Whenever a line in the data holds the string "keep", copy that line.
╭─ Exercise inputs
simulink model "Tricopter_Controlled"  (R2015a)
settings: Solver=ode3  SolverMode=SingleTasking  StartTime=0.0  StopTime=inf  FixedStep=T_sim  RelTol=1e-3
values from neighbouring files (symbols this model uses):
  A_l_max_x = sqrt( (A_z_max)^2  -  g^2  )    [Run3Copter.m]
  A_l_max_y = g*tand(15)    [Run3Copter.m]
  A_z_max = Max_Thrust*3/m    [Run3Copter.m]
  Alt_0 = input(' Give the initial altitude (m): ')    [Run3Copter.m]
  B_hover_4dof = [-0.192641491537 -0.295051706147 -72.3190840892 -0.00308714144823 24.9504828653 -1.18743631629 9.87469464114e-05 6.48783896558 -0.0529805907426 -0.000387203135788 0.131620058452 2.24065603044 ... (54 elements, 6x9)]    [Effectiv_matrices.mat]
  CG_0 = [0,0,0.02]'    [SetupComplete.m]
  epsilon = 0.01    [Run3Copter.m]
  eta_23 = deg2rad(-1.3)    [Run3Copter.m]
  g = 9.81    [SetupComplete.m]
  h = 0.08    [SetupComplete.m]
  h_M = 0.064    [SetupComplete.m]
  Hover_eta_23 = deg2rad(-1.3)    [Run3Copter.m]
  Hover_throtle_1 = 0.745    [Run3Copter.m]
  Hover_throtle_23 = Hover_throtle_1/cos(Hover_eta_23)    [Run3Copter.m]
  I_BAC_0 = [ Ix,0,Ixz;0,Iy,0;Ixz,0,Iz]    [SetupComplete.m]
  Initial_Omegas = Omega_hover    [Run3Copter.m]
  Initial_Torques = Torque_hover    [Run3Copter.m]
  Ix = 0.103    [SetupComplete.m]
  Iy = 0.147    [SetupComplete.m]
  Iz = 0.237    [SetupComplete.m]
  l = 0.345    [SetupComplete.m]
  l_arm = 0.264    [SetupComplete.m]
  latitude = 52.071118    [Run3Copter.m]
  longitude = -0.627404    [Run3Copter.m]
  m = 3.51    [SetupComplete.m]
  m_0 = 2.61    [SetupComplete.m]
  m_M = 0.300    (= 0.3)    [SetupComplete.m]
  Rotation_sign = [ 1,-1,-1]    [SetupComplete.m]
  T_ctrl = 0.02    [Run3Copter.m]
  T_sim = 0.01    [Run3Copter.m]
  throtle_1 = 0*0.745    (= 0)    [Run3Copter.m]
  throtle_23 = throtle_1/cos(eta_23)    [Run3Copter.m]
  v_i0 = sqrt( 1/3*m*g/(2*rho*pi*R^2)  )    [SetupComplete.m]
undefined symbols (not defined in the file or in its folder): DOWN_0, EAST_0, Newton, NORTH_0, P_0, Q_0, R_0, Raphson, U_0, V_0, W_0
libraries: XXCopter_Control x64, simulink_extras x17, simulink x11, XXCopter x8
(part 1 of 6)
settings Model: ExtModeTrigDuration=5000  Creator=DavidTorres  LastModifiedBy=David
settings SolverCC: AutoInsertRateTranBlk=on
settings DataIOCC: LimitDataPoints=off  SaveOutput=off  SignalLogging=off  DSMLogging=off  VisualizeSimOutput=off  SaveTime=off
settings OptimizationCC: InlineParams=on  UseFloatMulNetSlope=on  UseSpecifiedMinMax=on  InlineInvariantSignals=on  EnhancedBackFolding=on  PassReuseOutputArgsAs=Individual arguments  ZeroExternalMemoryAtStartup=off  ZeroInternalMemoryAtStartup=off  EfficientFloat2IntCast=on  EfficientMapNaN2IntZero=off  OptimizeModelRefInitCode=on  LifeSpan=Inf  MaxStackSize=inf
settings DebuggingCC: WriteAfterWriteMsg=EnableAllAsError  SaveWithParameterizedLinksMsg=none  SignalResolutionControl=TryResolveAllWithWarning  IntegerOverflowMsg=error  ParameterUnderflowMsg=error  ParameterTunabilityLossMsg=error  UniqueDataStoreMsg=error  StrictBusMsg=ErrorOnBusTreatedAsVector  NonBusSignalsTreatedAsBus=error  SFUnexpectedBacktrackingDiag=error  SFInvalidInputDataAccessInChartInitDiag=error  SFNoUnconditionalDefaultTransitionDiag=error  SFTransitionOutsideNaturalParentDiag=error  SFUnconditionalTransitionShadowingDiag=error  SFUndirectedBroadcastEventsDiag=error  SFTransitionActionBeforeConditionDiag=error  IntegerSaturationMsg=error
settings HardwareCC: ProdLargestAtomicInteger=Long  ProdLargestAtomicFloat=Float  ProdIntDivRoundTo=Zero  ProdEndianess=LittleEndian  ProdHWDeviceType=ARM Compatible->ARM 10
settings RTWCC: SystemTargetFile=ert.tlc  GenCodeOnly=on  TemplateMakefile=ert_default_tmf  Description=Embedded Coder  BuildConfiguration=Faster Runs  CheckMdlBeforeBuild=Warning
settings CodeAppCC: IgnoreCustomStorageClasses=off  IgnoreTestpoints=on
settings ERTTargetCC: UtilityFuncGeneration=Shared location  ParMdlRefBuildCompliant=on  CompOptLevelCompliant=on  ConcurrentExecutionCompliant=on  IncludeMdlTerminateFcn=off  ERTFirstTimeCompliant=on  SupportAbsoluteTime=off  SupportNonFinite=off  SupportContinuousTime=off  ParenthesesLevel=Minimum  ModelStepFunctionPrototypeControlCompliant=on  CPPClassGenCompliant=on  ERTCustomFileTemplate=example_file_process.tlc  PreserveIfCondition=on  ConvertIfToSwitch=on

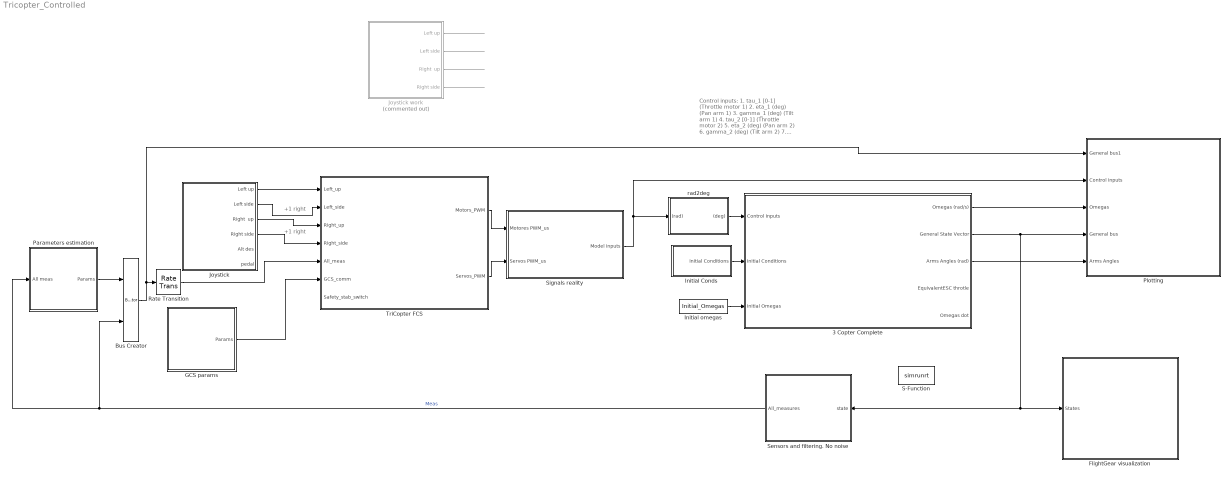
== system Tricopter_Controlled ==
  note: +1 right
  note: Control inputs:
      | 1. tau_1 [0-1] (Throttle motor 1)
      | 2. eta_1 (deg)  (Pan arm 1)
      | 3. gamma_1 (deg)  (Tilt arm 1)
      |
      | 4. tau_2 [0-1] (Throttle motor 2)
      | 5. eta_2 (deg)  (Pan arm 2)
      | 6. gamma_2 (deg)  (Tilt arm 2)
      |
      | 7. tau_3 [0-1] (Throttle motor 3)
      | 8. eta_3 (deg)  (Pan arm  3)
      | 9. gamma_3 (deg)  (Tilt arm 3)
  note: +1 right
  3 Copter Complete : Subsystem
  Bus Creator : BusCreator  Inputs=2
  FlightGear visualization : Subsystem
      mask Display:
      | % disp('{\bf\fontsize{20} Flight Gear}', 'texmode','on');
      | % image('FG F16.jpg')
      | % image(imread('FlightGear_logo.png'))
  GCS params : Subsystem  TreatAsAtomicUnit=on
  Initial Conds : Subsystem  TreatAsAtomicUnit=on
  Initial omegas : Constant  Value=Initial_Omegas
  Joystick : Subsystem
  Joystick work : Subsystem  Commented=on
  Parameters estimation : Subsystem  TreatAsAtomicUnit=on
  Plotting : Subsystem  SystemSampleTime=T_ctrl
  Rate Transition : RateTransition  OutPortSampleTime=T_ctrl
  S-Function : S-Function  FunctionName=simrunrt  Parameters=1
  Sensors and filtering. No noise : Subsystem  Variant=on  VariantControl=No noise  OverrideUsingVariant=No noise
  Signals reality : Subsystem
  TriCopter FCS : Subsystem
  rad2deg : Subsystem  TreatAsAtomicUnit=on
  wires:
  Initial omegas/1 -> 3 Copter Complete/3(Initial Omegas)
  Initial Conds/1(Initial Conditions) -> 3 Copter Complete/2(Initial Conditions)
  3 Copter Complete/1(Omegas (rad/s)) -> Plotting/3(Omegas)
  3 Copter Complete/3(Arms Angles (rad)) -> Plotting/5(Arms Angles)
  rad2deg/1((deg)) -> 3 Copter Complete/1(Control Inputs)
  Sensors and filtering. No noise/1(All_measures) -> Parameters estimation/1(All meas), Bus Creator/2  "Meas"
  3 Copter Complete/2(General State Vector) -> Plotting/4(General bus), Sensors and filtering. No noise/1(state), FlightGear visualization/1(States)
  Bus Creator/1 -> Rate Transition/1, Plotting/1(General bus1)
  Parameters estimation/1(Params) -> Bus Creator/1
  Signals reality/1(Model inputs) -> Plotting/2(Control inputs), rad2deg/1((rad))
  TriCopter FCS/1(Motors_PWM) -> Signals reality/1(Motores PWM_us)
  TriCopter FCS/2(Servos_PWM) -> Signals reality/2(Servos PWM_us)
  GCS params/1(Params) -> TriCopter FCS/6(GCS_comm)
  Joystick/1(Left up) -> TriCopter FCS/1(Left_up)
  Joystick/2(Left side) -> TriCopter FCS/2(Left_side)
  Joystick/3(Right  up) -> TriCopter FCS/3(Right_up)
  Joystick/4(Right side) -> TriCopter FCS/4(Right_side)
  Joystick work/4(Right side) -> ?
  Joystick work/1(Left up) -> ?
  Joystick work/2(Left side) -> ?
  Joystick work/3(Right  up) -> ?
  Rate Transition/1 -> TriCopter FCS/5(All_meas)

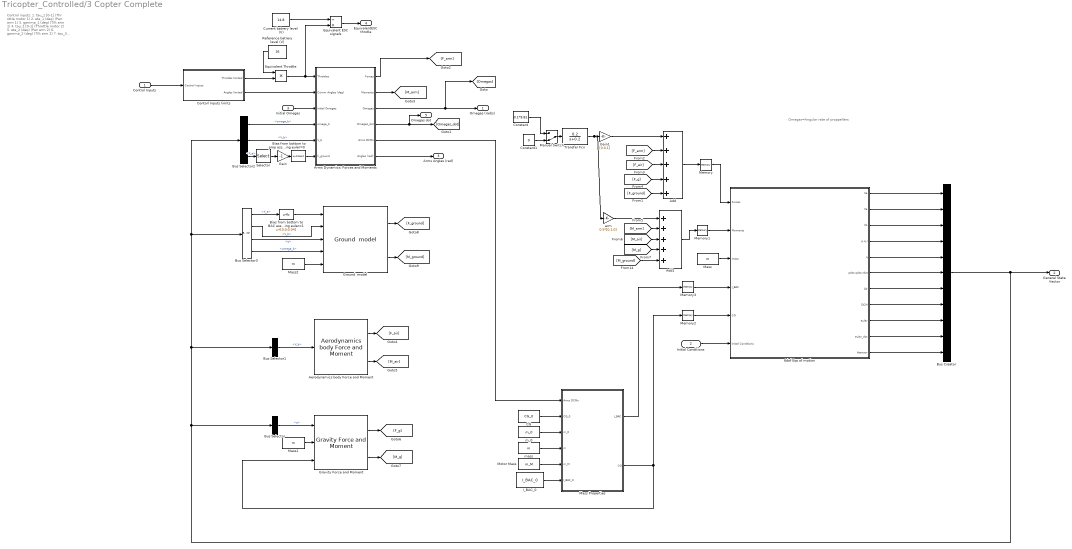
== system Tricopter_Controlled/3 Copter Complete ==
  note: Omegas=Angular rate of proppellers
  note: Control inputs:
      | 1. tau_1 [0-1] (Thr ottle motor 1)
      | 2. eta_1 (deg)  (Pan arm 1)
      | 3. gamma_1 (deg)  (Tilt arm 1)
      |
      | 4. tau_2 [0-1] (Throttle motor 2)
      | 5. eta_2 (deg)  (Pan arm 2)
      | 6. gamma_2 (deg)  (Tilt arm 2)
      |
      | 7. tau_3 [0-1] (Throttle motor 3)
      | 8. eta_3 (deg)  (Pan arm  3)
      | 9. gamma_3 (deg)  (Tilt arm 3)
  Control Inputs : Inport
  Initial Conditions : Inport  Port=2
  Initial Omegas : Inport  Port=3
  6dof Eqs of motion : Subsystem  TreatAsAtomicUnit=on
  Add : Sum  Inputs=+++++
  Add1 : Sum  Inputs=+++++
  Aerodynamics body Force and Moment : XXCopter/Aerodynamics body Force and Moment
  Arms Dynamics: Forces and Moments : Subsystem
  Bias from bottom to BAC assuming euler=1 : Bias  Bias=[0;0;0.04]
  Bias from bottom to prop assuming euler=0 : Bias  Bias=0.04+h
  Bus Creator : BusCreator  Inputs=11
  Bus Selector : BusSelector  OutputSignals=q
  Bus Selector1 : BusSelector  OutputSignals=V_b
  Bus Selector2 : BusSelector  OutputSignals=omega_b,V_b,X_e
  Bus Selector3 : BusSelector  OutputSignals=X_e,V_b,q,omega_b
  CG : Constant  Value=CG_0
  Constant : Constant  Value=0.1*9.81
  Constant1 : Constant  Value=0
  Contorl Inputs limits : Subsystem  TreatAsAtomicUnit=on
  Current batrery level (V) : Constant  Value=14.8
  Equivalent ESC signals : Product  Inputs=/*
  Equivalent Throttle : Product  Inputs=**
  Gain : Gain  Gain=-1
  Gain1 : Gain  Gain=[0,0,1]
  Gravity Force and Moment : XXCopter/Gravity Force and Moment
  Ground  model : XXCopter/Ground  model
  I_BAC_0 : Constant  Value=I_BAC_0
  Manual Switch : ManualSwitch  CurrentSetting=0
  Mass : Constant  Value=m
  Mass Properties : Subsystem  TreatAsAtomicUnit=on
  Mass1 : Constant  Value=m
  Mass2 : Constant  Value=m
  Memory : Memory  X0=[0,0,0]
  Memory1 : Memory  X0=[0,0,0]
  Memory2 : Memory  X0=CG_0
  Memory3 : Memory  X0=I_BAC_0
  Motor Mass : Constant  Value=m_M
  Reference batrery level (V) : Constant  Value=16
  Selector : Selector  InputPortWidth=3  Indices=3
  Transfer Fcn : TransferFcn  Numerator=[0.2]  Denominator=[1 0.2]
  arm : Gain  Gain=0.5*[0,1,0]
  m_0 : Constant  Value=m_0
  mass : Constant  Value=m
  Omegas (rad/s) : Outport
  General State Vector : Outport  Port=2
  Arms Angles (rad) : Outport  Port=3
  EquivalentESC throtle : Outport  Port=4
  Omegas dot : Outport  Port=5
  wires:
  Initial Conditions/1 -> 6dof Eqs of motion/6(Initial Conditions)
  6dof Eqs of motion/3(Vb) -> Bus Creator/3
  6dof Eqs of motion/5(q) -> Bus Creator/5
  6dof Eqs of motion/2(Ve) -> Bus Creator/2
  6dof Eqs of motion/6(pdot,qdot,rdot) -> Bus Creator/6
  6dof Eqs of motion/1(Xe) -> Bus Creator/1
  6dof Eqs of motion/7(Ab) -> Bus Creator/7
  6dof Eqs of motion/8(DCM) -> Bus Creator/8
  6dof Eqs of motion/9(euler) -> Bus Creator/9
  6dof Eqs of motion/10(euler_dot) -> Bus Creator/10
  Bus Selector/1 -> Gravity Force and Moment/1  "<q>"
  Mass/1 -> 6dof Eqs of motion/3(mass)
  Mass Properties/1(I_BAC) -> Memory3/1
  Bus Selector1/1 -> Aerodynamics body Force and Moment/1  "<V_b>"
  Bus Selector2/1 -> Arms Dynamics: Forces and Moments/4(omega_b)  "<omega_b>"
  Bus Selector2/2 -> Arms Dynamics: Forces and Moments/5(V_b)  "<V_b>"
  Mass1/1 -> Gravity Force and Moment/2
  Mass Properties/2(CG) -> Gravity Force and Moment/3, Memory2/1
  Arms Dynamics: Forces and Moments/4(Omegas_dot) -> Omegas dot/1, [Omegas_dot]
  Initial Omegas/1 -> Arms Dynamics: Forces and Moments/3(Initial Omegas)
  Bus Selector2/3 -> Selector/1  "<X_e>"
  Selector/1 -> Gain/1
  Gain/1 -> Bias from bottom to prop assuming euler=0/1
  Add/1 -> Memory/1
  Add1/1 -> Memory1/1
  Arms Dynamics: Forces and Moments/1(Forces) -> [F_arm]
  Arms Dynamics: Forces and Moments/2(Moments) -> [M_arm]
  Aerodynamics body Force and Moment/1 -> [F_air]
  Aerodynamics body Force and Moment/2 -> [M_air]
  Gravity Force and Moment/1 -> [F_g]
  Gravity Force and Moment/2 -> [M_g]
  [F_arm] -> Add/2
  [F_air] -> Add/3
  [F_g] -> Add/4
  6dof Eqs of motion/11(Asensor) -> Bus Creator/11
  Contorl Inputs limits/1(Throtles limited) -> Equivalent Throttle/2
  Contorl Inputs limits/2(Angles limited) -> Arms Dynamics: Forces and Moments/2(Comm Angles (deg))
  Arms Dynamics: Forces and Moments/5(Arms DCMs) -> Mass Properties/1(Arms DCMs)
  CG/1 -> Mass Properties/2(CG_0)
  Motor Mass/1 -> Mass Properties/5(m_M)
  I_BAC_0/1 -> Mass Properties/6(I_BAC_0)
  m_0/1 -> Mass Properties/3(m_0)
  mass/1 -> Mass Properties/4(m)
  Arms Dynamics: Forces and Moments/3(Omegas) -> [Omegas], Omegas (rad/s)/1
  Memory/1 -> 6dof Eqs of motion/1(Forces)
  Memory1/1 -> 6dof Eqs of motion/2(Moments)
  Memory2/1 -> 6dof Eqs of motion/5(CG)
  Memory3/1 -> 6dof Eqs of motion/4(I_BAC)
  Equivalent Throttle/1 -> Equivalent ESC signals/2, Arms Dynamics: Forces and Moments/1(Throttles)
  Reference batrery level (V)/1 -> Equivalent Throttle/1
  Current batrery level (V)/1 -> Equivalent ESC signals/1
  Equivalent ESC signals/1 -> EquivalentESC throtle/1
  6dof Eqs of motion/4(p,q,r) -> Bus Creator/4
  Arms Dynamics: Forces and Moments/6(Angles (rad)) -> Arms Angles (rad)/1
  Control Inputs/1 -> Contorl Inputs limits/1(Control inputs)
  [M_g] -> Add1/4
  [M_air] -> Add1/3
  [M_arm] -> Add1/2
  Transfer Fcn/1 -> arm/1, Gain1/1
  arm/1 -> Add1/1
  Manual Switch/1 -> Transfer Fcn/1
  Constant/1 -> Manual Switch/1
  Constant1/1 -> Manual Switch/2
  Gain1/1 -> Add/1
  Bus Creator/1 -> Bus Selector3/1, Bus Selector2/1, Bus Selector1/1, Bus Selector/1, General State Vector/1
  Ground  model/1 -> [F_ground]
  Ground  model/2 -> [M_ground]
  [F_ground] -> Add/5
  [M_ground] -> Add1/5
  Bus Selector3/1 -> Bias from bottom to BAC assuming euler=1/1  "<X_e>"
  Bus Selector3/3 -> Ground  model/3  "<q>"
  Mass2/1 -> Ground  model/5
  Bus Selector3/2 -> Ground  model/2  "<V_b>"
  Bus Selector3/4 -> Ground  model/4  "<omega_b>"
  Bias from bottom to BAC assuming euler=1/1 -> Ground  model/1
  Bias from bottom to prop assuming euler=0/1 -> Arms Dynamics: Forces and Moments/6(h_ground)

== system Tricopter_Controlled/FlightGear visualization ==
  note: States Dot:
      | 1. DEV North Position
      | 2. DEV East position
      | 3. DEV Altitude
      | 4.DEV  Phi
      | 5. DEV Theta
      | 6. DEV Psi
      | 7. DEV Total velocity
      | 8.DEV alpha in rad
      | 9.DEV  beta in rads
      | 10. DEV P
      | 11. DEV Q
      | 12. DEV R
  note: States:
      | 1. North Position
      | 2. East position
      | 3. Altitude
      | 4. Phi
      | 5. Theta
      | 6. Psi
      | 7. Total velocity
      | 8. alpha in rad
      | 9. beta in rads
      | 10. P
      | 11. Q
      | 12. R
      | 13 POW
  States : Inport
  Bus Selector2 : BusSelector  OutputSignals=X_e,euler
  Demux : Demux  Outputs=3
  Flat Earth to LLA : Subsystem
  Mux : Mux  Inputs=6
  Saturation : Saturate  UpperLimit=1e8  LowerLimit=-1e5  OutDataTypeStr=double
  Send2FG : S-Function  FunctionName=sim2fg  Parameters='localhost',5502
  cast1 : DataTypeConversion  OutDataTypeStr=double  SaturateOnIntegerOverflow=on
  href : Constant  Value=100  VectorParams1D=off
  keep pi/pi : Subsystem
  wires:
  Demux/2 -> Mux/5
  Demux/1 -> Mux/4
  href/1 -> Flat Earth to LLA/2(altitude0)
  Saturation/1 -> Mux/3
  Bus Selector2/1 -> Flat Earth to LLA/1(Xe)  "<X_e>"
  Mux/1 -> cast1/1
  cast1/1 -> Send2FG/1
  keep pi/pi/1(ptp_earth) -> Demux/1
  Demux/3 -> Mux/6
  Flat Earth to LLA/3(altitude h) -> Saturation/1
  Flat Earth to LLA/1(latitude mu) -> Mux/1
  Flat Earth to LLA/2(longitude l) -> Mux/2
  States/1 -> Bus Selector2/1
  Bus Selector2/2 -> keep pi/pi/1(phi theta psi)  "<euler>"

== system Tricopter_Controlled/GCS params ==
  Bus Creator : BusCreator  Inputs=10
  Constant : Constant
  Constant{1,4..8,10} (7 alike) : Constant  Value=0
  FM_source : Constant  Value=0  SampleTime=T_sim
  FM_source1 : Constant  SampleTime=T_sim
  FM_source2 : Constant  Value=2  SampleTime=T_sim
  FM_source3 : Constant  Value=3  SampleTime=T_sim
  Manual Switch : ManualSwitch  CurrentSetting=0
  Manual Switch1 : ManualSwitch  CurrentSetting=0
  Manual Switch2 : ManualSwitch  CurrentSetting=0
  theta_comm : Constant  Value=0  SampleTime=T_sim
  Params : Outport
  wires:
  Bus Creator/1 -> Params/1  "Params"
  Constant/1 -> Bus Creator/3  "Alt_com"
  Constant1/1 -> Bus Creator/1  "X_com"
  Manual Switch2/1 -> Bus Creator/10  "flight_mode_request"
  Constant4/1 -> Bus Creator/2  "Y_com"
  Constant5/1 -> Bus Creator/4  "Vx_yaw_com"
  Constant6/1 -> Bus Creator/5  "Vy_yaw_com"
  Constant7/1 -> Bus Creator/6  "Vz_yaw_com"
  Constant8/1 -> Bus Creator/7  "phi_com_deg"
  theta_comm/1 -> Bus Creator/8  "theta_com_deg"
  Constant10/1 -> Bus Creator/9  "heading_com_deg"
  FM_source/1 -> Manual Switch/1  "flight_mode_request"
  FM_source1/1 -> Manual Switch/2
  Manual Switch/1 -> Manual Switch1/1
  FM_source2/1 -> Manual Switch1/2
  Manual Switch1/1 -> Manual Switch2/1
  FM_source3/1 -> Manual Switch2/2

== system Tricopter_Controlled/Initial Conds ==
  Bus Creator : BusCreator
  Ini Position X_e_0 : Constant  Value=[0;0;-Alt_0]
  Initial Attitude Euler_0 : Constant  Value=[deg2rad(0);deg2rad(0);deg2rad(0)]
  Initial Attitude Rate  Euler_dot_0 : Constant  Value=[deg2rad(0);deg2rad(0);deg2rad(0)]
  Initial Velocity V_e_0 : Constant  Value=[0;0;0]
  Initial Conditions : Outport
  wires:
  Ini Position X_e_0/1 -> Bus Creator/1  "X_e_0"
  Initial Velocity V_e_0/1 -> Bus Creator/2  "V_e_0"
  Initial Attitude Euler_0/1 -> Bus Creator/3  "Euler_0"
  Initial Attitude Rate  Euler_dot_0/1 -> Bus Creator/4  "Euler_dot_0"
  Bus Creator/1 -> Initial Conditions/1

== system Tricopter_Controlled/Joystick ==
  Add2 : Sum
  Aileron : Selector  InputPortWidth=2
  Aileron1 : Selector  InputPortWidth=2
  Gain{1,3,5,8} (4 alike) : Gain
  Gain2 : Gain  Gain=-1
  Gain4 : Gain  Gain=-1
  Gain6 : Gain  Gain=0.1  OutDataTypeStr=double
  Gain7 : Gain  Gain=-1
  Integrator Limited2 : Integrator  LimitOutput=on  UpperSaturationLimit=400  LowerSaturationLimit=-400
  S-Function : S-Function  FunctionName=joyinput  Parameters=joyid,adjustports,forcefeed  mask{joyid=1, adjustports=on, forcefeed=off}
      mask prompts: joyid "Joystick ID:"; adjustports "Adjust ports?"; forcefeed "Enable force"
      mask init:
      | label = 'image(imread(''joystickicon.png'')); port_label(''output'', 1, ''Axes''); port_label(''output'', 2, ''Buttons''); ';
      | porthandles = get_param(gcbh, 'PortHandles');
      | if numel(porthandles.Outport)>2
      |   label = [label 'port_label(''output'', 3, ''Point of View''); '];
      | end
      | if numel(porthandles.Inport)>0  label = [label 'port_label(''input'', 1, ''Force''); '];
      | end
      | set_param(gcbh, 'MaskDisplay', label);
      mask Help: helpview(vrmfunc('FnHelpTopic'), 'vr_joystickinput');
      mask Display: image(imread('joystickicon.png')); port_label('output', 1, 'Axes'); port_label('output', 2, 'Buttons'); port_label('output', 3, 'Point of View');
  Selector1 : Selector  InputPortWidth=5  Indices=1:2
  Selector2 : Selector  InputPortWidth=5  Indices=3
  Selector3 : Selector  InputPortWidth=5  Indices=4:5
  Selector6 : Selector  InputPortWidth=10
  Selector7 : Selector  InputPortWidth=10  Indices=4
  Terminator : Terminator
  elev : Selector  InputPortWidth=2  Indices=2
  elev1 : Selector  InputPortWidth=2  Indices=2
  Left up : Outport
  Left side : Outport  Port=2
  Right  up : Outport  Port=3
  Right side : Outport  Port=4
  Alt des : Outport  Port=5
  pedal : Outport  Port=6
  wires:
  Aileron/1 -> Gain1/1
  Selector1/1 -> Aileron/1, elev/1
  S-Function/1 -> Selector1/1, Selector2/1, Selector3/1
╰─
Exercise solution:
  keep pi/pi : Subsystem
  keep pi/pi/1(ptp_earth) -> Demux/1
  Bus Selector2/2 -> keep pi/pi/1(phi theta psi)  "<euler>"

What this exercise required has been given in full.